Exercise details →
If a line in the data below contains the word "linetypes", copy it out.

[Items listed in a dataset]
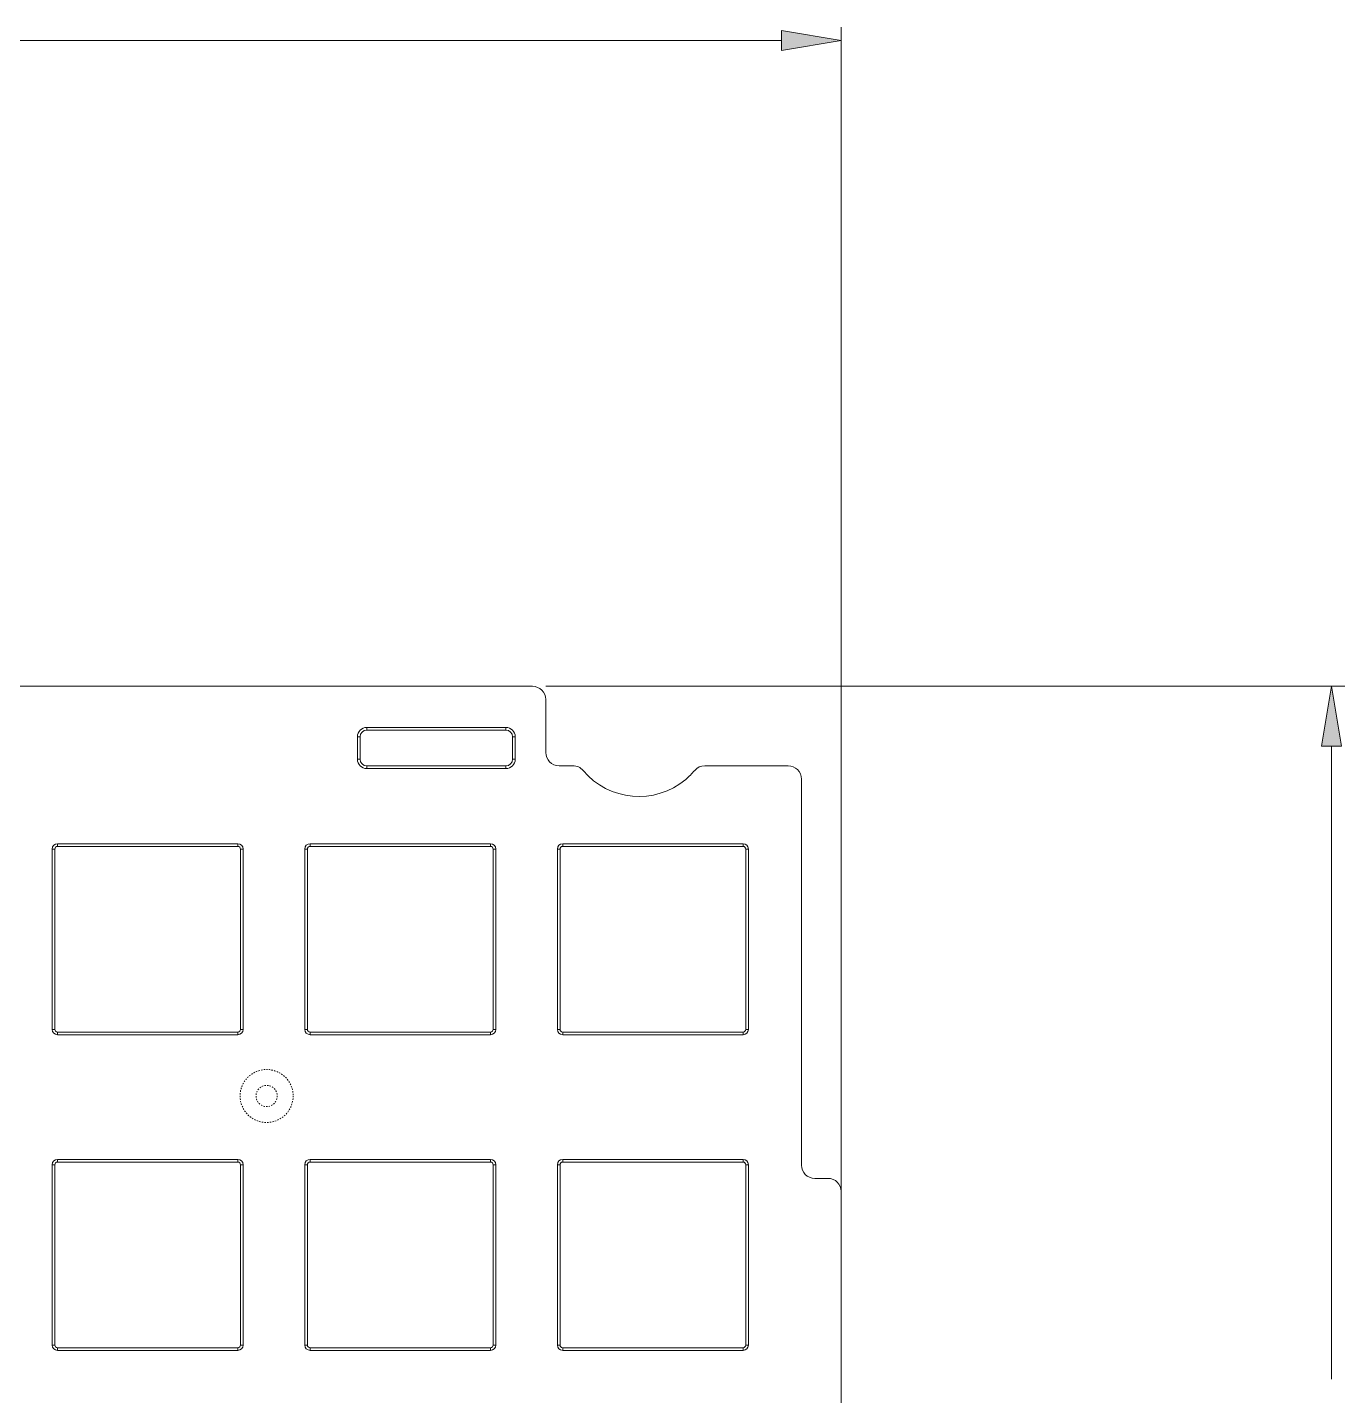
# Model space of a CAD drawing. Header units: millimetres. Extents: x 78 to 606, y -329 to -69.
# Drawn here: x 504.7 to 604.1, y -173.9 to -70.8 of the extents above; entities that cross this region are included whole.
import ezdxf

# ---------------------------------------------------------------- set-up
doc = ezdxf.new("R2010")
doc.units = ezdxf.units.MM
doc.header["$MEASUREMENT"] = 0
doc.linetypes.add('AI-Linetype-10', pattern=[0.18189, 0.090945, -0.090945])
doc.linetypes.add('AI-Linetype-11', pattern=[0.18189, 0.090945, -0.090945])
doc.layers.add('图层 1', color=7, linetype='Continuous', lineweight=0)

msp = doc.modelspace()

# ---------------------------------------------------------------- hatches: boundary and pattern name
at = {"layer": '图层 1', "true_color": 0x6ab82d, "transparency": 33554687}
h = msp.add_hatch(color=75, dxfattribs=at)
h.dxf.hatch_style = 2
h.paths.add_polyline_path([(561.6, -72.52), (561.6, -71.02), (566.1, -71.77)])
h = msp.add_hatch(color=75, dxfattribs=at)
h.dxf.hatch_style = 2
h.paths.add_polyline_path([(603.82, -124.96), (602.32, -124.96), (603.07, -120.46)])

# ---------------------------------------------------------------- linework, layer by layer
at = {"layer": '图层 1', "color": 75, "lineweight": 5, "true_color": 0x6ab82d}
for p, q in [((566.1, -161.11), (566.1, -70.77)), ((561.6, -71.77), (236.27, -71.77)), ((543.82, -120.46), (604.07, -120.46)), ((603.07, -124.96), (603.07, -172.71))]:
    msp.add_line(p, q, dxfattribs=at)
at = {"layer": '图层 1', "color": 18, "lineweight": 5, "true_color": 0x040000}
for p, q in [((480.82, -120.46), (542.82, -120.46)), ((543.82, -121.46), (543.82, -125.45)), ((530.32, -123.56), (540.82, -123.56)), ((530.32, -123.56), (530.32, -123.76)), ((530.32, -123.76), (540.82, -123.76)), ((540.82, -123.56), (540.82, -123.76)), ((529.62, -124.26), (529.82, -124.26)), ((529.62, -125.96), (529.62, -124.26)), ((529.82, -125.96), (529.82, -124.26)), ((541.52, -124.26), (541.32, -124.26)), ((541.32, -124.26), (541.32, -125.96)), ((541.52, -124.26), (541.52, -125.96)), ((529.62, -125.96), (529.82, -125.96)), ((540.82, -126.46), (530.32, -126.46)), ((530.32, -126.66), (530.32, -126.46)), ((540.82, -126.66), (530.32, -126.66)), ((540.82, -126.66), (540.82, -126.46)), ((541.52, -125.96), (541.32, -125.96)), ((545.86, -126.45), (544.82, -126.45)), ((562.1, -126.45), (555.81, -126.45)), ((563.1, -156.56), (563.1, -127.45)), ((506.8, -132.73), (506.6, -132.73)), ((506.6, -146.33), (506.6, -132.73)), ((506.8, -146.33), (506.8, -132.73)), ((507, -132.33), (520.6, -132.33)), ((507, -132.33), (507, -132.53)), ((507, -132.53), (520.6, -132.53)), ((520.6, -132.53), (520.6, -132.33)), ((521, -132.73), (520.8, -132.73)), ((520.8, -132.73), (520.8, -146.33)), ((521, -132.73), (521, -146.33)), ((525.85, -132.73), (525.65, -132.73)), ((525.65, -146.33), (525.65, -132.73)), ((525.85, -146.33), (525.85, -132.73)), ((526.05, -132.33), (539.65, -132.33)), ((526.05, -132.33), (526.05, -132.53)), ((526.05, -132.53), (539.65, -132.53)), ((539.65, -132.53), (539.65, -132.33)), ((540.05, -132.73), (539.85, -132.73)), ((539.85, -132.73), (539.85, -146.33)), ((540.05, -132.73), (540.05, -146.33)), ((544.9, -132.73), (544.7, -132.73)), ((544.7, -146.33), (544.7, -132.73)), ((544.9, -146.33), (544.9, -132.73)), ((545.1, -132.33), (558.7, -132.33)), ((545.1, -132.33), (545.1, -132.53)), ((545.1, -132.53), (558.7, -132.53)), ((558.7, -132.53), (558.7, -132.33)), ((559.1, -132.73), (558.9, -132.73)), ((558.9, -132.73), (558.9, -146.33)), ((559.1, -132.73), (559.1, -146.33)), ((506.6, -146.33), (506.8, -146.33)), ((520.8, -146.33), (521, -146.33)), ((525.65, -146.33), (525.85, -146.33)), ((539.85, -146.33), (540.05, -146.33)), ((544.7, -146.33), (544.9, -146.33)), ((558.9, -146.33), (559.1, -146.33)), ((520.6, -146.53), (507, -146.53)), ((507, -146.53), (507, -146.73)), ((520.6, -146.73), (507, -146.73)), ((520.6, -146.73), (520.6, -146.53)), ((539.65, -146.53), (526.05, -146.53)), ((526.05, -146.53), (526.05, -146.73)), ((539.65, -146.73), (526.05, -146.73)), ((539.65, -146.73), (539.65, -146.53)), ((558.7, -146.53), (545.1, -146.53)), ((545.1, -146.53), (545.1, -146.73)), ((558.7, -146.73), (545.1, -146.73)), ((558.7, -146.73), (558.7, -146.53)), ((506.8, -156.53), (506.6, -156.53)), ((506.6, -156.53), (506.6, -170.13)), ((506.8, -156.53), (506.8, -170.13)), ((520.6, -156.13), (507, -156.13)), ((507, -156.13), (507, -156.33)), ((520.6, -156.33), (507, -156.33)), ((520.6, -156.33), (520.6, -156.13)), ((521, -156.53), (520.8, -156.53)), ((520.8, -170.13), (520.8, -156.53)), ((521, -170.13), (521, -156.53)), ((525.85, -156.53), (525.65, -156.53)), ((525.65, -156.53), (525.65, -170.13)), ((525.85, -156.53), (525.85, -170.13)), ((539.65, -156.13), (526.05, -156.13)), ((526.05, -156.13), (526.05, -156.33)), ((539.65, -156.33), (526.05, -156.33)), ((539.65, -156.33), (539.65, -156.13)), ((540.05, -156.53), (539.85, -156.53)), ((539.85, -170.13), (539.85, -156.53)), ((540.05, -170.13), (540.05, -156.53)), ((544.9, -156.53), (544.7, -156.53)), ((544.7, -156.53), (544.7, -170.13)), ((544.9, -156.53), (544.9, -170.13)), ((558.7, -156.13), (545.1, -156.13)), ((545.1, -156.13), (545.1, -156.33)), ((558.7, -156.33), (545.1, -156.33)), ((558.7, -156.33), (558.7, -156.13)), ((559.1, -156.53), (558.9, -156.53)), ((558.9, -170.13), (558.9, -156.53)), ((559.1, -170.13), (559.1, -156.53)), ((565.1, -157.56), (564.1, -157.56)), ((566.1, -220.56), (566.1, -158.56)), ((506.6, -170.13), (506.8, -170.13)), ((520.8, -170.13), (521, -170.13)), ((525.65, -170.13), (525.85, -170.13)), ((539.85, -170.13), (540.05, -170.13)), ((544.7, -170.13), (544.9, -170.13)), ((558.9, -170.13), (559.1, -170.13)), ((507, -170.33), (520.6, -170.33)), ((507, -170.33), (507, -170.53)), ((507, -170.53), (520.6, -170.53)), ((520.6, -170.53), (520.6, -170.33)), ((526.05, -170.33), (539.65, -170.33)), ((526.05, -170.33), (526.05, -170.53)), ((526.05, -170.53), (539.65, -170.53)), ((539.65, -170.53), (539.65, -170.33)), ((545.1, -170.33), (558.7, -170.33)), ((545.1, -170.33), (545.1, -170.53)), ((545.1, -170.53), (558.7, -170.53)), ((558.7, -170.53), (558.7, -170.33))]:
    msp.add_line(p, q, dxfattribs=at)
at = {"layer": '图层 1', "color": 18, "lineweight": 0, "true_color": 0x040000}
for points in [[(561.6, -72.52), (561.6, -71.02), (566.1, -71.77), (566.1, -71.77)], [(603.82, -124.96), (602.32, -124.96), (603.07, -120.46), (603.07, -120.46)]]:
    msp.add_lwpolyline(points, close=True, dxfattribs=at)
at = {"layer": '图层 1'}
for points in [[(561.6, -72.52), (561.6, -71.02), (566.1, -71.77)], [(603.82, -124.96), (602.32, -124.96), (603.07, -120.46)]]:
    msp.add_lwpolyline(points, close=True, dxfattribs=at)
at = {"layer": '图层 1', "color": 8, "linetype": 'AI-Linetype-10', "lineweight": 5, "true_color": 0x7f8080}
msp.add_circle((522.77, -151.35), 2, dxfattribs=at)
at = {"layer": '图层 1', "color": 8, "linetype": 'AI-Linetype-11', "lineweight": 5, "true_color": 0x7f8080}
msp.add_circle((522.77, -151.35), 0.8, dxfattribs=at)
at = {"layer": '图层 1', "color": 18, "lineweight": 5, "true_color": 0x040000}
for points in [[(543.82, -121.46), (543.82, -120.91), (543.37, -120.46), (542.82, -120.46), (542.82, -120.46), (542.82, -120.46), (542.82, -120.46)], [(546.63, -126.8), (548.58, -129.13), (552.05, -129.43), (554.38, -127.48), (554.62, -127.27), (554.85, -127.05), (555.05, -126.8)], [(507, -156.33), (506.88, -156.33), (506.8, -156.42), (506.8, -156.53), (506.8, -156.53), (506.8, -156.53), (506.8, -156.53)], [(520.8, -156.53), (520.8, -156.42), (520.71, -156.33), (520.6, -156.33), (520.6, -156.33), (520.6, -156.33), (520.6, -156.33)], [(526.05, -156.33), (525.93, -156.33), (525.85, -156.42), (525.85, -156.53), (525.85, -156.53), (525.85, -156.53), (525.85, -156.53)], [(539.85, -156.53), (539.85, -156.42), (539.76, -156.33), (539.65, -156.33), (539.65, -156.33), (539.65, -156.33), (539.65, -156.33)], [(545.1, -156.33), (544.98, -156.33), (544.9, -156.42), (544.9, -156.53), (544.9, -156.53), (544.9, -156.53), (544.9, -156.53)], [(558.9, -156.53), (558.9, -156.42), (558.81, -156.33), (558.7, -156.33), (558.7, -156.33), (558.7, -156.33), (558.7, -156.33)], [(566.1, -158.56), (566.1, -158.01), (565.65, -157.56), (565.1, -157.56), (565.1, -157.56), (565.1, -157.56), (565.1, -157.56)], [(506.8, -170.13), (506.8, -170.24), (506.88, -170.33), (507, -170.33), (507, -170.33), (507, -170.33), (507, -170.33)], [(520.6, -170.33), (520.71, -170.33), (520.8, -170.24), (520.8, -170.13), (520.8, -170.13), (520.8, -170.13), (520.8, -170.13)], [(525.85, -170.13), (525.85, -170.24), (525.93, -170.33), (526.05, -170.33), (526.05, -170.33), (526.05, -170.33), (526.05, -170.33)], [(539.65, -170.33), (539.76, -170.33), (539.85, -170.24), (539.85, -170.13), (539.85, -170.13), (539.85, -170.13), (539.85, -170.13)], [(544.9, -170.13), (544.9, -170.24), (544.98, -170.33), (545.1, -170.33), (545.1, -170.33), (545.1, -170.33), (545.1, -170.33)], [(558.7, -170.33), (558.81, -170.33), (558.9, -170.24), (558.9, -170.13), (558.9, -170.13), (558.9, -170.13), (558.9, -170.13)]]:
    msp.add_open_spline(points, degree=3, knots=[0, 0, 0, 0, 1, 1, 1, 2, 2, 2, 2], dxfattribs=at)
for points in [[(530.32, -123.56), (529.93, -123.56), (529.62, -123.88), (529.62, -124.26)], [(530.32, -123.76), (530.04, -123.76), (529.82, -123.99), (529.82, -124.26)], [(541.52, -124.26), (541.52, -123.88), (541.2, -123.56), (540.82, -123.56)], [(541.32, -124.26), (541.32, -123.99), (541.09, -123.76), (540.82, -123.76)], [(543.82, -125.45), (543.82, -126), (544.27, -126.45), (544.82, -126.45)], [(529.62, -125.96), (529.62, -126.35), (529.93, -126.66), (530.32, -126.66)], [(529.82, -125.96), (529.82, -126.24), (530.04, -126.46), (530.32, -126.46)], [(540.82, -126.66), (541.2, -126.66), (541.52, -126.35), (541.52, -125.96)], [(540.82, -126.46), (541.09, -126.46), (541.32, -126.24), (541.32, -125.96)], [(546.63, -126.8), (546.44, -126.58), (546.16, -126.45), (545.86, -126.45)], [(555.81, -126.45), (555.52, -126.45), (555.24, -126.58), (555.05, -126.8)], [(563.1, -127.45), (563.1, -126.9), (562.65, -126.45), (562.1, -126.45)], [(507, -132.33), (506.77, -132.33), (506.6, -132.51), (506.6, -132.73)], [(507, -132.53), (506.88, -132.53), (506.8, -132.62), (506.8, -132.73)], [(521, -132.73), (521, -132.51), (520.82, -132.33), (520.6, -132.33)], [(520.8, -132.73), (520.8, -132.62), (520.71, -132.53), (520.6, -132.53)], [(526.05, -132.33), (525.82, -132.33), (525.65, -132.51), (525.65, -132.73)], [(526.05, -132.53), (525.93, -132.53), (525.85, -132.62), (525.85, -132.73)], [(540.05, -132.73), (540.05, -132.51), (539.87, -132.33), (539.65, -132.33)], [(539.85, -132.73), (539.85, -132.62), (539.76, -132.53), (539.65, -132.53)], [(545.1, -132.33), (544.87, -132.33), (544.7, -132.51), (544.7, -132.73)], [(545.1, -132.53), (544.98, -132.53), (544.9, -132.62), (544.9, -132.73)], [(559.1, -132.73), (559.1, -132.51), (558.92, -132.33), (558.7, -132.33)], [(558.9, -132.73), (558.9, -132.62), (558.81, -132.53), (558.7, -132.53)], [(506.6, -146.33), (506.6, -146.55), (506.77, -146.73), (507, -146.73)], [(506.8, -146.33), (506.8, -146.44), (506.88, -146.53), (507, -146.53)], [(520.6, -146.73), (520.82, -146.73), (521, -146.55), (521, -146.33)], [(520.6, -146.53), (520.71, -146.53), (520.8, -146.44), (520.8, -146.33)], [(525.65, -146.33), (525.65, -146.55), (525.82, -146.73), (526.05, -146.73)], [(525.85, -146.33), (525.85, -146.44), (525.93, -146.53), (526.05, -146.53)], [(539.65, -146.73), (539.87, -146.73), (540.05, -146.55), (540.05, -146.33)], [(539.65, -146.53), (539.76, -146.53), (539.85, -146.44), (539.85, -146.33)], [(544.7, -146.33), (544.7, -146.55), (544.87, -146.73), (545.1, -146.73)], [(544.9, -146.33), (544.9, -146.44), (544.98, -146.53), (545.1, -146.53)], [(558.7, -146.73), (558.92, -146.73), (559.1, -146.55), (559.1, -146.33)], [(558.7, -146.53), (558.81, -146.53), (558.9, -146.44), (558.9, -146.33)], [(507, -156.13), (506.77, -156.13), (506.6, -156.31), (506.6, -156.53)], [(521, -156.53), (521, -156.31), (520.82, -156.13), (520.6, -156.13)], [(526.05, -156.13), (525.82, -156.13), (525.65, -156.31), (525.65, -156.53)], [(540.05, -156.53), (540.05, -156.31), (539.87, -156.13), (539.65, -156.13)], [(545.1, -156.13), (544.87, -156.13), (544.7, -156.31), (544.7, -156.53)], [(559.1, -156.53), (559.1, -156.31), (558.92, -156.13), (558.7, -156.13)], [(563.1, -156.56), (563.1, -157.11), (563.55, -157.56), (564.1, -157.56)], [(506.6, -170.13), (506.6, -170.35), (506.77, -170.53), (507, -170.53)], [(520.6, -170.53), (520.82, -170.53), (521, -170.35), (521, -170.13)], [(525.65, -170.13), (525.65, -170.35), (525.82, -170.53), (526.05, -170.53)], [(539.65, -170.53), (539.87, -170.53), (540.05, -170.35), (540.05, -170.13)], [(544.7, -170.13), (544.7, -170.35), (544.87, -170.53), (545.1, -170.53)], [(558.7, -170.53), (558.92, -170.53), (559.1, -170.35), (559.1, -170.13)]]:
    msp.add_open_spline(points, degree=3, dxfattribs=at)

doc.saveas('drawing.dxf')

Answer below →
doc.linetypes.add('AI-Linetype-10', pattern=[0.18189, 0.090945, -0.090945])
doc.linetypes.add('AI-Linetype-11', pattern=[0.18189, 0.090945, -0.090945])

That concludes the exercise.